BEGIN
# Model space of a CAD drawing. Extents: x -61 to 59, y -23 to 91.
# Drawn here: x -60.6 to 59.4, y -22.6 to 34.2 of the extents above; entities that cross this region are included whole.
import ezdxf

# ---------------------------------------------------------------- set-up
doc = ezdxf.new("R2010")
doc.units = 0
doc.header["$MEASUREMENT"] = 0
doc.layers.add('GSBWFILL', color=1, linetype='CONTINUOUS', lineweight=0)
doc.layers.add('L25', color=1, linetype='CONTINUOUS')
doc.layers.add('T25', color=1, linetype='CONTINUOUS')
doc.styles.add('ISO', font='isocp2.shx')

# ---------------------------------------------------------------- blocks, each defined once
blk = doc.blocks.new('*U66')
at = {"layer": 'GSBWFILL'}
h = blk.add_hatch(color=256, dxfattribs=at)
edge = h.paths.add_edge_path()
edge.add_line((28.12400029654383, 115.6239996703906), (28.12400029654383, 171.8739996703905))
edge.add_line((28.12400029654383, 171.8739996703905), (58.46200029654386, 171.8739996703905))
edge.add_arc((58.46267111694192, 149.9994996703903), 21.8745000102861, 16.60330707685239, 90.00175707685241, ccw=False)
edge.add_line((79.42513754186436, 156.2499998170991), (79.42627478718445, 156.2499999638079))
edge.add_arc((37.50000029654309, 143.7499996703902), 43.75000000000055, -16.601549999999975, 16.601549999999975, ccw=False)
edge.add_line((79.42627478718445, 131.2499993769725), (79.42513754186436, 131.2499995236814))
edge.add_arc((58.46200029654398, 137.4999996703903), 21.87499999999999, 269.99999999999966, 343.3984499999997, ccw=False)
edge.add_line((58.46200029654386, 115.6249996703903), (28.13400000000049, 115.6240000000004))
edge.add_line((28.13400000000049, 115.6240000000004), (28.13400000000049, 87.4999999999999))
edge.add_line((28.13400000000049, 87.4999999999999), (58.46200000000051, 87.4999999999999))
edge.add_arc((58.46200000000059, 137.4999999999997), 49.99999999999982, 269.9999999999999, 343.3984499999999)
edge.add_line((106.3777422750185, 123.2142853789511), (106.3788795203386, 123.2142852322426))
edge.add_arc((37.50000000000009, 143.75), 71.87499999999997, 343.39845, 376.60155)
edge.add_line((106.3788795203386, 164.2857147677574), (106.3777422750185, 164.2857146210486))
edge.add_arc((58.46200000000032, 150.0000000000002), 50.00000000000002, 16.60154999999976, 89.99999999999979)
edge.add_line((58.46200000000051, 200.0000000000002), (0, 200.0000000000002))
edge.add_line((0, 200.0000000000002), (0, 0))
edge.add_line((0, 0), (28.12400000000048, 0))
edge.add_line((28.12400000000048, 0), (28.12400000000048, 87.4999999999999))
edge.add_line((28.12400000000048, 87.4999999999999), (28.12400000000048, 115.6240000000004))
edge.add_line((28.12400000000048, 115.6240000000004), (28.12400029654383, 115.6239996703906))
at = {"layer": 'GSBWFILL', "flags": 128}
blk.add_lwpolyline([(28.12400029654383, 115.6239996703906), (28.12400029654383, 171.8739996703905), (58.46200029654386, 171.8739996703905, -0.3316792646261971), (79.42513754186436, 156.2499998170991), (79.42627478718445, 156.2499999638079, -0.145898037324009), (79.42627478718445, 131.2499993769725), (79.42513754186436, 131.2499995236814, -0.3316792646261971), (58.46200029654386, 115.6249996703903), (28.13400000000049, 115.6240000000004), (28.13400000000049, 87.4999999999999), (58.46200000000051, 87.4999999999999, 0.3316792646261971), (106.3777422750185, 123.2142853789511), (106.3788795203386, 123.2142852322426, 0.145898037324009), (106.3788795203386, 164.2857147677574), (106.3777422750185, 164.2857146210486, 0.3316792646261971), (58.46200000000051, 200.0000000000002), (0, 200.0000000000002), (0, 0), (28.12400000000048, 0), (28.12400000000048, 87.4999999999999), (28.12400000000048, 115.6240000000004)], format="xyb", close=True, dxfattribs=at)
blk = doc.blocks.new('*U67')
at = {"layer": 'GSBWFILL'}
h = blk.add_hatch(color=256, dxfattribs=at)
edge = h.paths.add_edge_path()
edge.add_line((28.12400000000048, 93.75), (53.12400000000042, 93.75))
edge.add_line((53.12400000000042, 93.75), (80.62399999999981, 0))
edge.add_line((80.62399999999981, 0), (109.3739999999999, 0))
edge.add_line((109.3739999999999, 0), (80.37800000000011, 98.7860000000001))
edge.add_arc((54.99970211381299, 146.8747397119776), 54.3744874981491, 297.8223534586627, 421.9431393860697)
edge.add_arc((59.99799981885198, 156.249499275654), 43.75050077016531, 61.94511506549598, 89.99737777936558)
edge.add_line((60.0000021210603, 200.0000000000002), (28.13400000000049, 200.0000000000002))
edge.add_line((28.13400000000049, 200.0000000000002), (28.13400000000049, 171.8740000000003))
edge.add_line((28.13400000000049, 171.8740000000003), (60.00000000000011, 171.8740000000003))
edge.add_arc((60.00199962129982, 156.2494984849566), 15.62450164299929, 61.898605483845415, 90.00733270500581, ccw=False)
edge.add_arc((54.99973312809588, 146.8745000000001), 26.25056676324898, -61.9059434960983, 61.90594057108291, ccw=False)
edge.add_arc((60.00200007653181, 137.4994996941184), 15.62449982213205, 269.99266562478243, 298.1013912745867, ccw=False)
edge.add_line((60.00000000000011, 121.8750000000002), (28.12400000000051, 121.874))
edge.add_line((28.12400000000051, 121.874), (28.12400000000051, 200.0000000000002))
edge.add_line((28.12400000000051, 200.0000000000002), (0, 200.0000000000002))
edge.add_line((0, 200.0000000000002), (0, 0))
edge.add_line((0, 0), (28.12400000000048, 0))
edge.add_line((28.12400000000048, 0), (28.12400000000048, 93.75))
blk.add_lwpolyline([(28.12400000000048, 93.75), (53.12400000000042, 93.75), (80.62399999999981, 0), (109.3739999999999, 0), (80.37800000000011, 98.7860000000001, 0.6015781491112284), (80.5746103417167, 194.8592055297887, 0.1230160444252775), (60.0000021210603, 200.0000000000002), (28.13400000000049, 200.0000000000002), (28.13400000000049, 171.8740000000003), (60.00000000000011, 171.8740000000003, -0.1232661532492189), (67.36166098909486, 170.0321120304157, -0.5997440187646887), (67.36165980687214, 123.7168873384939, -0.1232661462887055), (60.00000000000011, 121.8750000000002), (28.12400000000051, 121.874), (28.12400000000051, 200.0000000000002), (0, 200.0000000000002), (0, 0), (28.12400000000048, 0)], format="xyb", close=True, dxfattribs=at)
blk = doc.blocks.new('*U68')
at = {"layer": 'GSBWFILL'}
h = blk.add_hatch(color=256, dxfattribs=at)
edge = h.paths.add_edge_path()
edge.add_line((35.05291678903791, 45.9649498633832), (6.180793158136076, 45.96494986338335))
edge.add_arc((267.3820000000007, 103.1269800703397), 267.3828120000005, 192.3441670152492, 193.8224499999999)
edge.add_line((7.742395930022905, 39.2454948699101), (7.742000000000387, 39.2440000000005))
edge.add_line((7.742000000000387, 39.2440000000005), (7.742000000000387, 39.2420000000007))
END
WORK ORDER
Starting at the first line and ending at the last, retype the entries above.

OUTPUT FOR THIS TASK
# Model space of a CAD drawing. Extents: x -61 to 59, y -23 to 91.
# Drawn here: x -60.6 to 59.4, y -22.6 to 34.2 of the extents above; entities that cross this region are included whole.
import ezdxf

# ---------------------------------------------------------------- set-up
doc = ezdxf.new("R2010")
doc.units = 0
doc.header["$MEASUREMENT"] = 0
doc.layers.add('GSBWFILL', color=1, linetype='CONTINUOUS', lineweight=0)
doc.layers.add('L25', color=1, linetype='CONTINUOUS')
doc.layers.add('T25', color=1, linetype='CONTINUOUS')
doc.styles.add('ISO', font='isocp2.shx')

# ---------------------------------------------------------------- blocks, each defined once
blk = doc.blocks.new('*U66')
at = {"layer": 'GSBWFILL'}
h = blk.add_hatch(color=256, dxfattribs=at)
edge = h.paths.add_edge_path()
edge.add_line((28.12400029654383, 115.6239996703906), (28.12400029654383, 171.8739996703905))
edge.add_line((28.12400029654383, 171.8739996703905), (58.46200029654386, 171.8739996703905))
edge.add_arc((58.46267111694192, 149.9994996703903), 21.8745000102861, 16.60330707685239, 90.00175707685241, ccw=False)
edge.add_line((79.42513754186436, 156.2499998170991), (79.42627478718445, 156.2499999638079))
edge.add_arc((37.50000029654309, 143.7499996703902), 43.75000000000055, -16.601549999999975, 16.601549999999975, ccw=False)
edge.add_line((79.42627478718445, 131.2499993769725), (79.42513754186436, 131.2499995236814))
edge.add_arc((58.46200029654398, 137.4999996703903), 21.87499999999999, 269.99999999999966, 343.3984499999997, ccw=False)
edge.add_line((58.46200029654386, 115.6249996703903), (28.13400000000049, 115.6240000000004))
edge.add_line((28.13400000000049, 115.6240000000004), (28.13400000000049, 87.4999999999999))
edge.add_line((28.13400000000049, 87.4999999999999), (58.46200000000051, 87.4999999999999))
edge.add_arc((58.46200000000059, 137.4999999999997), 49.99999999999982, 269.9999999999999, 343.3984499999999)
edge.add_line((106.3777422750185, 123.2142853789511), (106.3788795203386, 123.2142852322426))
edge.add_arc((37.50000000000009, 143.75), 71.87499999999997, 343.39845, 376.60155)
edge.add_line((106.3788795203386, 164.2857147677574), (106.3777422750185, 164.2857146210486))
edge.add_arc((58.46200000000032, 150.0000000000002), 50.00000000000002, 16.60154999999976, 89.99999999999979)
edge.add_line((58.46200000000051, 200.0000000000002), (0, 200.0000000000002))
edge.add_line((0, 200.0000000000002), (0, 0))
edge.add_line((0, 0), (28.12400000000048, 0))
edge.add_line((28.12400000000048, 0), (28.12400000000048, 87.4999999999999))
edge.add_line((28.12400000000048, 87.4999999999999), (28.12400000000048, 115.6240000000004))
edge.add_line((28.12400000000048, 115.6240000000004), (28.12400029654383, 115.6239996703906))
at = {"layer": 'GSBWFILL', "flags": 128}
blk.add_lwpolyline([(28.12400029654383, 115.6239996703906), (28.12400029654383, 171.8739996703905), (58.46200029654386, 171.8739996703905, -0.3316792646261971), (79.42513754186436, 156.2499998170991), (79.42627478718445, 156.2499999638079, -0.145898037324009), (79.42627478718445, 131.2499993769725), (79.42513754186436, 131.2499995236814, -0.3316792646261971), (58.46200029654386, 115.6249996703903), (28.13400000000049, 115.6240000000004), (28.13400000000049, 87.4999999999999), (58.46200000000051, 87.4999999999999, 0.3316792646261971), (106.3777422750185, 123.2142853789511), (106.3788795203386, 123.2142852322426, 0.145898037324009), (106.3788795203386, 164.2857147677574), (106.3777422750185, 164.2857146210486, 0.3316792646261971), (58.46200000000051, 200.0000000000002), (0, 200.0000000000002), (0, 0), (28.12400000000048, 0), (28.12400000000048, 87.4999999999999), (28.12400000000048, 115.6240000000004)], format="xyb", close=True, dxfattribs=at)
blk = doc.blocks.new('*U67')
at = {"layer": 'GSBWFILL'}
h = blk.add_hatch(color=256, dxfattribs=at)
edge = h.paths.add_edge_path()
edge.add_line((28.12400000000048, 93.75), (53.12400000000042, 93.75))
edge.add_line((53.12400000000042, 93.75), (80.62399999999981, 0))
edge.add_line((80.62399999999981, 0), (109.3739999999999, 0))
edge.add_line((109.3739999999999, 0), (80.37800000000011, 98.7860000000001))
edge.add_arc((54.99970211381299, 146.8747397119776), 54.3744874981491, 297.8223534586627, 421.9431393860697)
edge.add_arc((59.99799981885198, 156.249499275654), 43.75050077016531, 61.94511506549598, 89.99737777936558)
edge.add_line((60.0000021210603, 200.0000000000002), (28.13400000000049, 200.0000000000002))
edge.add_line((28.13400000000049, 200.0000000000002), (28.13400000000049, 171.8740000000003))
edge.add_line((28.13400000000049, 171.8740000000003), (60.00000000000011, 171.8740000000003))
edge.add_arc((60.00199962129982, 156.2494984849566), 15.62450164299929, 61.898605483845415, 90.00733270500581, ccw=False)
edge.add_arc((54.99973312809588, 146.8745000000001), 26.25056676324898, -61.9059434960983, 61.90594057108291, ccw=False)
edge.add_arc((60.00200007653181, 137.4994996941184), 15.62449982213205, 269.99266562478243, 298.1013912745867, ccw=False)
edge.add_line((60.00000000000011, 121.8750000000002), (28.12400000000051, 121.874))
edge.add_line((28.12400000000051, 121.874), (28.12400000000051, 200.0000000000002))
edge.add_line((28.12400000000051, 200.0000000000002), (0, 200.0000000000002))
edge.add_line((0, 200.0000000000002), (0, 0))
edge.add_line((0, 0), (28.12400000000048, 0))
edge.add_line((28.12400000000048, 0), (28.12400000000048, 93.75))
blk.add_lwpolyline([(28.12400000000048, 93.75), (53.12400000000042, 93.75), (80.62399999999981, 0), (109.3739999999999, 0), (80.37800000000011, 98.7860000000001, 0.6015781491112284), (80.5746103417167, 194.8592055297887, 0.1230160444252775), (60.0000021210603, 200.0000000000002), (28.13400000000049, 200.0000000000002), (28.13400000000049, 171.8740000000003), (60.00000000000011, 171.8740000000003, -0.1232661532492189), (67.36166098909486, 170.0321120304157, -0.5997440187646887), (67.36165980687214, 123.7168873384939, -0.1232661462887055), (60.00000000000011, 121.8750000000002), (28.12400000000051, 121.874), (28.12400000000051, 200.0000000000002), (0, 200.0000000000002), (0, 0), (28.12400000000048, 0)], format="xyb", close=True, dxfattribs=at)
blk = doc.blocks.new('*U68')
at = {"layer": 'GSBWFILL'}
h = blk.add_hatch(color=256, dxfattribs=at)
edge = h.paths.add_edge_path()
edge.add_line((35.05291678903791, 45.9649498633832), (6.180793158136076, 45.96494986338335))
edge.add_arc((267.3820000000007, 103.1269800703397), 267.3828120000005, 192.3441670152492, 193.8224499999999)
edge.add_line((7.742395930022905, 39.2454948699101), (7.742000000000387, 39.2440000000005))
edge.add_line((7.742000000000387, 39.2440000000005), (7.742000000000387, 39.2420000000007))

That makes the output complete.